From the street vendor to the entrepreneur: an ethnography in the street food trade in Recôncavo da Bahia
DOI:
https://doi.org/10.33448/rsd-v10i3.13497Keywords:
Street food; Informal trade; Walking; Entrepreneur; Ethnography.Abstract
The article sought to understand the process of transition from street vendor to entrepreneur in street food, based on an ethnographic study carried out with workers in this trade, in the city of Santo Antônio de Jesus, Recôncavo da Bahia. Ethnography followed the analytical-interpretive line of Clifford Geertz. The field stage lasted seven months, using the techniques: systematic and participant observation and interviews with street vendors and key informants. Other alternative sources, such as reports from websites and local newspapers, made up the study. The analysis was based on theorists such as Ricardo Antunes, to discuss issues surrounding informal work, becoming an entrepreneur and the precariousness of street work.
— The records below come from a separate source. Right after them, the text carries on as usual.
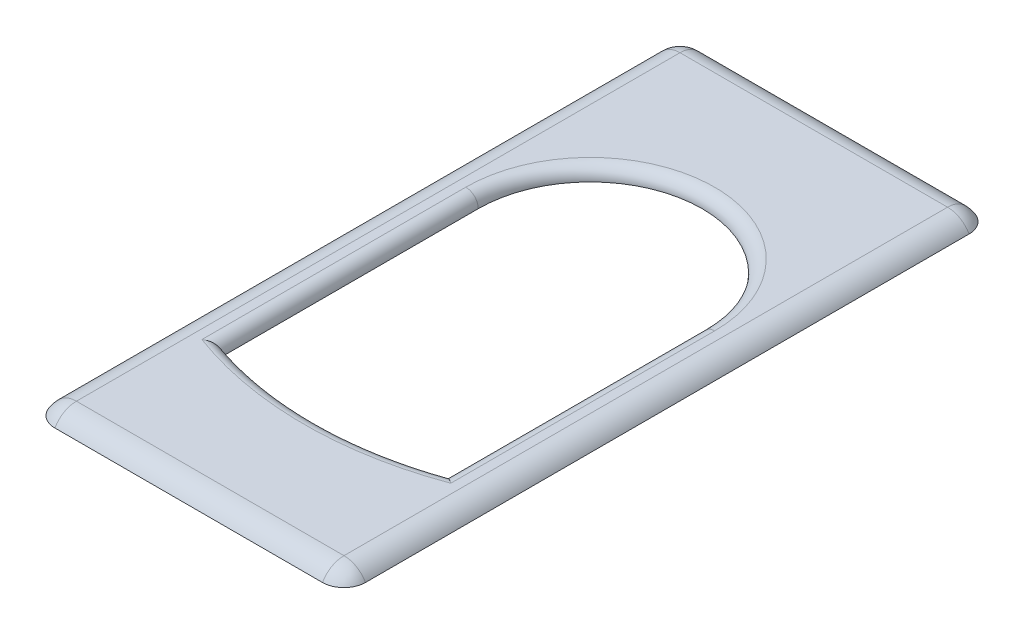
from build123d import *

# Parameters (mm, degrees)
EXTRUDE_1_DEPTH     = 2
FILLET_1_R          = 2
SKETCH_2_W          = 35.782546262
SKETCH_2_H          = 59.110257758
CUT_EXTRUDE_1_DEPTH = 1
FILLET_2_R          = 1


with BuildPart() as part:
    # 草图1 → 凸台-拉伸1 (new body)
    with BuildSketch(Plane(origin=(0, 0, 0), x_dir=(1, 0, 0), z_dir=(0, 1, 0))):
        with BuildLine():
            Line((-8.359432933, 36.099160402), (13.140567067, 36.099160402))
            ThreePointArc((13.140567067, 36.099160402), (14.554780629, 35.513373964), (15.140567067, 34.099160402))
            Line((15.140567067, 34.099160402), (15.140567067, -14.400839598))
            ThreePointArc((15.140567067, -14.400839598), (14.554780629, -15.81505316), (13.140567067, -16.400839598))
            Line((13.140567067, -16.400839598), (-8.359432933, -16.400839598))
            ThreePointArc((-8.359432933, -16.400839598), (-9.773646496, -15.81505316), (-10.359432933, -14.400839598))
            Line((-10.359432933, -14.400839598), (-10.359432933, 34.099160402))
            ThreePointArc((-10.359432933, 34.099160402), (-9.773646496, 35.513373964), (-8.359432933, 36.099160402))
        make_face()
        with BuildLine():
            Line((-6.609432933, 16.136804798), (-6.609432933, -4.363195202))
            ThreePointArc((-6.609432933, -4.363195202), (2.390567067, -5.863195202), (11.390567067, -4.363195202))
            Line((11.390567067, -4.363195202), (11.390567067, 16.136804798))
            ThreePointArc((11.390567067, 16.136804798), (8.754528097, 22.500765829), (2.390567067, 25.136804798))
            ThreePointArc((2.390567067, 25.136804798), (-3.973393964, 22.500765829), (-6.609432933, 16.136804798))
        make_face(mode=Mode.SUBTRACT)
    extrude(amount=EXTRUDE_1_DEPTH)

    # 圆角1
    fillet_1_edges = [part.edges().sort_by_distance(p)[0] for p in [
        (-9.773646496, 2, 15.81505316),
        (2.390567067, 2, 16.400839598),
        (14.554780629, 2, 15.81505316),
        (15.140567067, 2, -9.849160402),
        (-9.773646496, 2, -35.513373964),
        (14.554780629, 2, -35.513373964),
        (2.390567067, 2, -36.099160402),
        (-10.359432933, 2, -9.849160402),
    ]]
    fillet(fillet_1_edges, radius=FILLET_1_R - 0.0001)  # a hair under: the kernel refuses the full size

    # 草图2 → 切除-拉伸1 (cut)
    with BuildSketch(Plane(origin=(0, 0, 0), x_dir=(-1, 0, 0), z_dir=(0, -1, 0))):
        with Locations((0.496790494, 10.685635763)):
            Rectangle(SKETCH_2_W, SKETCH_2_H)
    extrude(amount=-CUT_EXTRUDE_1_DEPTH, mode=Mode.SUBTRACT)

    # 圆角2
    fillet_2_edges = [part.edges().sort_by_distance(p)[0] for p in [
        (11.390567067, 2, -5.886804798),
        (2.390567067, 2, -25.136804798),
        (-6.609432933, 2, -5.886804798),
        (2.390567067, 2, 5.863195202),
    ]]
    fillet(fillet_2_edges, radius=FILLET_2_R - 0.0001)  # a hair under: the kernel refuses the full size


solid = part.part
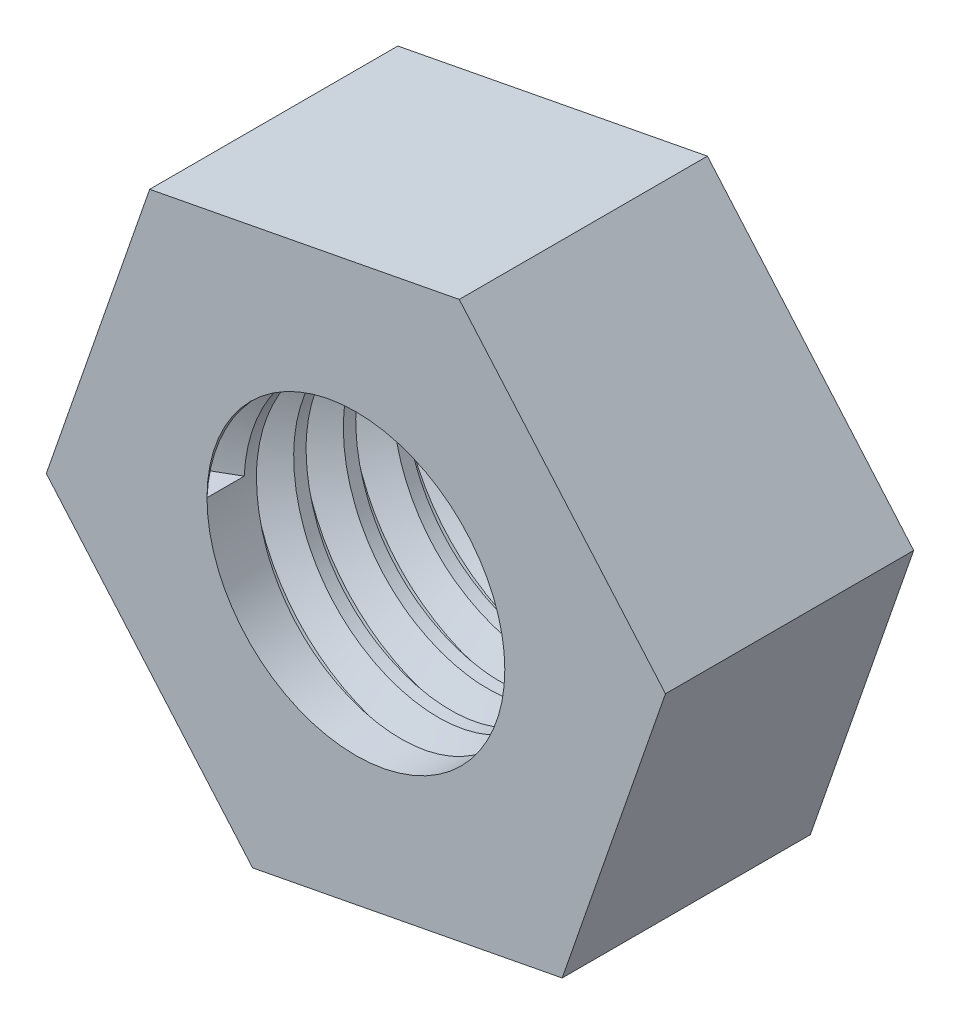
from build123d import *

# Parameters (mm, degrees)
BOSS_EXTRUDE1_DEPTH = 2.5
SKETCH2_R           = 1.5
CUT_EXTRUDE1_DEPTH  = 5.997499054
THREAD1_PITCH       = 0.5


with BuildPart() as part:
    # Sketch1 → Boss-Extrude1 (new body)
    with BuildSketch(Plane.XY):
        Polygon((2.077659711, -2.401387819), (3.118492711, 0.598612181), (1.040833, 3), (-2.077659711, 2.401387819), (-3.118492711, -0.598612181), (-1.040833, -3), align=None)
    extrude(amount=BOSS_EXTRUDE1_DEPTH)

    # Sketch2 → Cut-Extrude1 (cut, through all)
    with BuildSketch(Plane.XY.offset(2.5)):
        Circle(SKETCH2_R)
    extrude(amount=-CUT_EXTRUDE1_DEPTH, mode=Mode.SUBTRACT)

    # Thread1: the profile of Thread Profile1 profile screwed along a right-hand helix of 5 turns, 6 arcs to a turn; built about Z, then put on its axis
    thread1_z = Axis((0, 0, 0), (0, 0, 1))
    thread1_corners = [(1.4997, 0, -0.000173205), (1.770632938, 0, 0.156249999), (1.770632938, 0, 0.218749999), (1.4997, 0, 0.375173204)]
    with BuildLine(mode=Mode.PRIVATE) as thread1_profile:
        Line(thread1_corners[0], thread1_corners[1])
        Line(thread1_corners[1], thread1_corners[2])
        Line(thread1_corners[2], thread1_corners[3])
        Line(thread1_corners[3], thread1_corners[0])
    thread1_cap = Face(thread1_profile.wire())
    thread1_turn_angles = [0, 30, 60, 90, 120, 150, 180, 210, 240, 270, 300, 330, 360]
    thread1_turn_weights = [1, 0.8660254037844387, 1, 0.8660254037844387, 1, 0.8660254037844387, 1, 0.8660254037844387, 1, 0.8660254037844387, 1, 0.8660254037844387, 1]
    thread1_turn_rails = [Edge.make_bspline([Vector(p[0], p[1], 0).rotate(thread1_z, thread1_turn_angles[k]) / thread1_turn_weights[k] + Vector(0, 0, p[2] + THREAD1_PITCH * thread1_turn_angles[k] / 360) for k in range(13)], [0, 0, 0, 1, 1, 2, 2, 3, 3, 4, 4, 5, 5, 6, 6, 6], 2, thread1_turn_weights) for p in thread1_corners]
    thread1_turn_sides = [Face.make_surface_from_curves(thread1_turn_rails[p[0]], thread1_turn_rails[p[1]]) for p in [(0, 1), (1, 2), (2, 3), (3, 0)]]
    thread1 = Plane(origin=(0, 0, 2.5), x_dir=(-1, 0, 0), z_dir=(0, 0, -1)) * Solid(Shell([*[p.moved(Location((0, 0, THREAD1_PITCH * i))) for i in range(5) for p in thread1_turn_sides], thread1_cap, thread1_cap.rotate(thread1_z, 1800).moved(Location((0, 0, THREAD1_PITCH * 1800 / 360)))]))
    add(thread1, mode=Mode.SUBTRACT)


solid = part.part
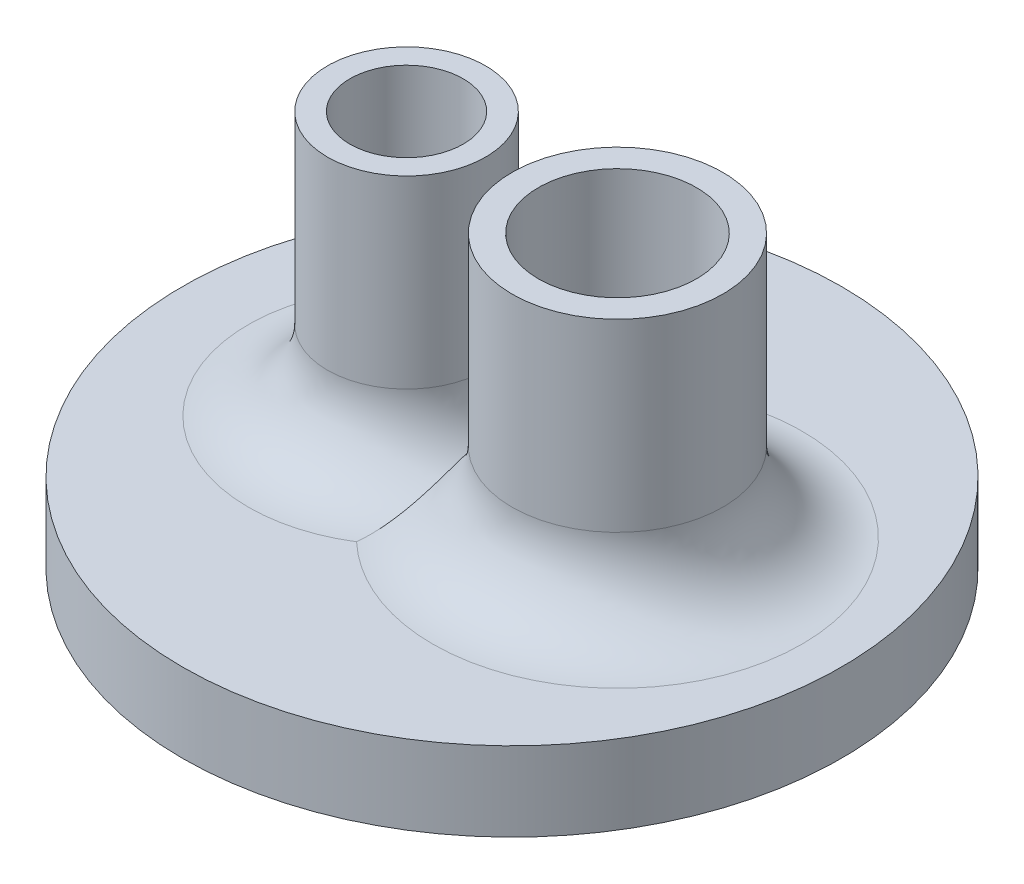
from build123d import *

# Parameters (mm, degrees)
SKETCH1_R           = 12.5
BOSS_EXTRUDE1_DEPTH = 3
SKETCH2_R           = 4
SKETCH2_R_2         = 3
BOSS_EXTRUDE2_DEPTH = 10
SKETCH3_R           = 2.15
SKETCH3_R_2         = 3
CUT_EXTRUDE1_DEPTH  = 22.943108257
FILLET1_R           = 3


with BuildPart() as part:
    # Sketch1 → Boss-Extrude1 (new body)
    with BuildSketch(Plane(origin=(0, 0, 0), x_dir=(1, 0, 0), z_dir=(0, 1, 0))):
        with Locations(Location((0, 0, 0), (0, 0, 270))):
            Circle(SKETCH1_R)
    extrude(amount=BOSS_EXTRUDE1_DEPTH)

    # Sketch2 → Boss-Extrude2 (add)
    with BuildSketch(Plane(origin=(0, 3, 0), x_dir=(1, 0, 0), z_dir=(0, 1, 0))):
        with Locations(Location((4, 0, 0), (0, 0, 270))):
            Circle(SKETCH2_R)
        with Locations(Location((-4, 0, 0), (0, 0, 270))):
            Circle(SKETCH2_R_2)
    extrude(amount=BOSS_EXTRUDE2_DEPTH)

    # Sketch3 → Cut-Extrude1 (cut, through all)
    with BuildSketch(Plane(origin=(0, 13, 0), x_dir=(1, 0, 0), z_dir=(0, 1, 0))):
        with Locations(Location((-4, 0, 0), (0, 0, 270))):
            Circle(SKETCH3_R)
        with Locations(Location((4, 0, 0), (0, 0, 270))):
            Circle(SKETCH3_R_2)
    extrude(amount=-CUT_EXTRUDE1_DEPTH, mode=Mode.SUBTRACT)

    # Fillet1
    # the kernel refuses this fillet: 3 mm, written as the material it adds along each edge
    with BuildSketch(Plane(origin=(4, 3, 0), x_dir=(0, 0, 1), z_dir=(-1, 0, 0))) as fillet1_piece_1_section:
        with BuildLine():
            CenterArc((4 + FILLET1_R, FILLET1_R), FILLET1_R, 180, 90)
            Line((4, FILLET1_R), (4, 0))
            Line((4, 0), (4 + FILLET1_R, 0))
        make_face()
    fillet1_piece_1 = revolve(axis=Axis((4, 3, 0), (0, 1, 0)), mode=Mode.PRIVATE)
    fillet1_piece_1 = fillet1_piece_1 - Plane(origin=(-4, 3.851709764, 0), x_dir=(0, 0, 1), z_dir=(0, -1, 0)) * Cylinder(3, 29, mode=Mode.PRIVATE)
    add(fillet1_piece_1)
    with BuildSketch(Plane(origin=(-4, 3, 0), x_dir=(0, 0, 1), z_dir=(-1, 0, 0))) as fillet1_piece_2_section:
        with BuildLine():
            CenterArc((3 + FILLET1_R, FILLET1_R), FILLET1_R, 180, 90)
            Line((3, FILLET1_R), (3, 0))
            Line((3, 0), (3 + FILLET1_R, 0))
        make_face()
    fillet1_piece_2 = revolve(axis=Axis((-4, 3, 0), (0, 1, 0)), mode=Mode.PRIVATE)
    fillet1_piece_2 = fillet1_piece_2 - Plane(origin=(4, 3.853854746, 0), x_dir=(0, 0, 1), z_dir=(0, -1, 0)) * Cylinder(4, 24, mode=Mode.PRIVATE)
    add(fillet1_piece_2)


solid = part.part
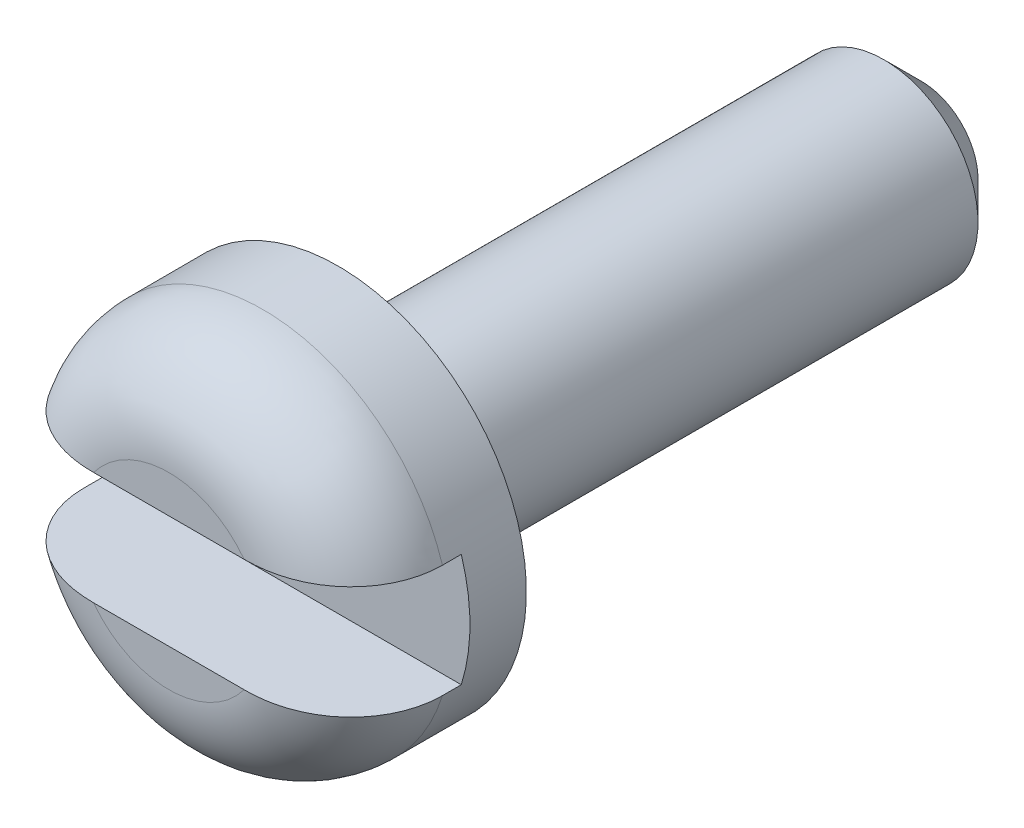
from build123d import *

# Parameters (mm, degrees)
CUT_EXTRUDE_1_DEPTH      = 9.485281374
CUT_EXTRUDE_1_DEPTH_BACK = 9.485281374
SKETCH_2_W               = 1.2
SKETCH_2_H               = 1.2
CHAMFER_1_SIZE           = 0.4
FILLET_1_R               = 1
FILLET_2_R               = 0.4


with BuildPart() as part:
    # Эскиз1 → Повернуть1 (revolve)
    with BuildSketch(Plane(origin=(0, 0, 0), x_dir=(1, 0, 0), z_dir=(0, 1, 0))):
        Polygon((0, 0), (-2, 0), (-2, 1.8), (-1, 1.8), (-1, 8), (0, 8), align=None)
    revolve(axis=Axis((0, 0, -8), (0, 0, 1)))

    # Эскиз2 → Вырез-Вытянуть1 (cut, two sides: drawn at the far end of the back side and taken through both)
    with BuildSketch(Plane(origin=(0, 0, 0), x_dir=(0, 0, -1), z_dir=(1, 0, 0)).offset(-CUT_EXTRUDE_1_DEPTH_BACK)):
        with Locations((0.6, 0)):
            Rectangle(SKETCH_2_W, SKETCH_2_H)
    extrude(amount=CUT_EXTRUDE_1_DEPTH + CUT_EXTRUDE_1_DEPTH_BACK, mode=Mode.SUBTRACT)

    # Фаска1
    chamfer_1_edges = [part.edges().sort_by_distance(p)[0] for p in [
        (1, 0, -8),
    ]]
    chamfer(chamfer_1_edges, length=CHAMFER_1_SIZE)

    # Скругление1
    fillet_1_edges = [part.edges().sort_by_distance(p)[0] for p in [
        (0, -2, 0),
        (0, 2, 0),
    ]]
    fillet(fillet_1_edges, radius=FILLET_1_R)

    # Скругление2
    fillet_2_edges = [part.edges().sort_by_distance(p)[0] for p in [
        (1, 0, -1.8),
    ]]
    fillet(fillet_2_edges, radius=FILLET_2_R)


solid = part.part

It was found that the implementation of the SAJ Legal Program, a political intervention aimed at reorganizing and restructuring street commerce in the city, culminated in the “recategorization” of street vendors to microentrepreneurs. Part of these did not recognize the “identity” of MEI, forged by the public power, meanings revealed in micro actions, such as resistance tactics and dissonant verbalizations, in the practice of labor. The Program revealed to adopt strategies based on neoliberal policies, when assuming the “entrepreneurial” discourse for regulation, to the detriment of a social protection policy for these subjects. Thus, the formalization of the street vendor to the MEI represented less of a resolutive policy than it had as a parameter of social hygiene and economic strategy. These manifestations showed that the corrosion of workers' rights, hidden under the veil of business discourse, primarily serve the financial market and represent the contingency of new forms of exclusion and precarious employment relationships.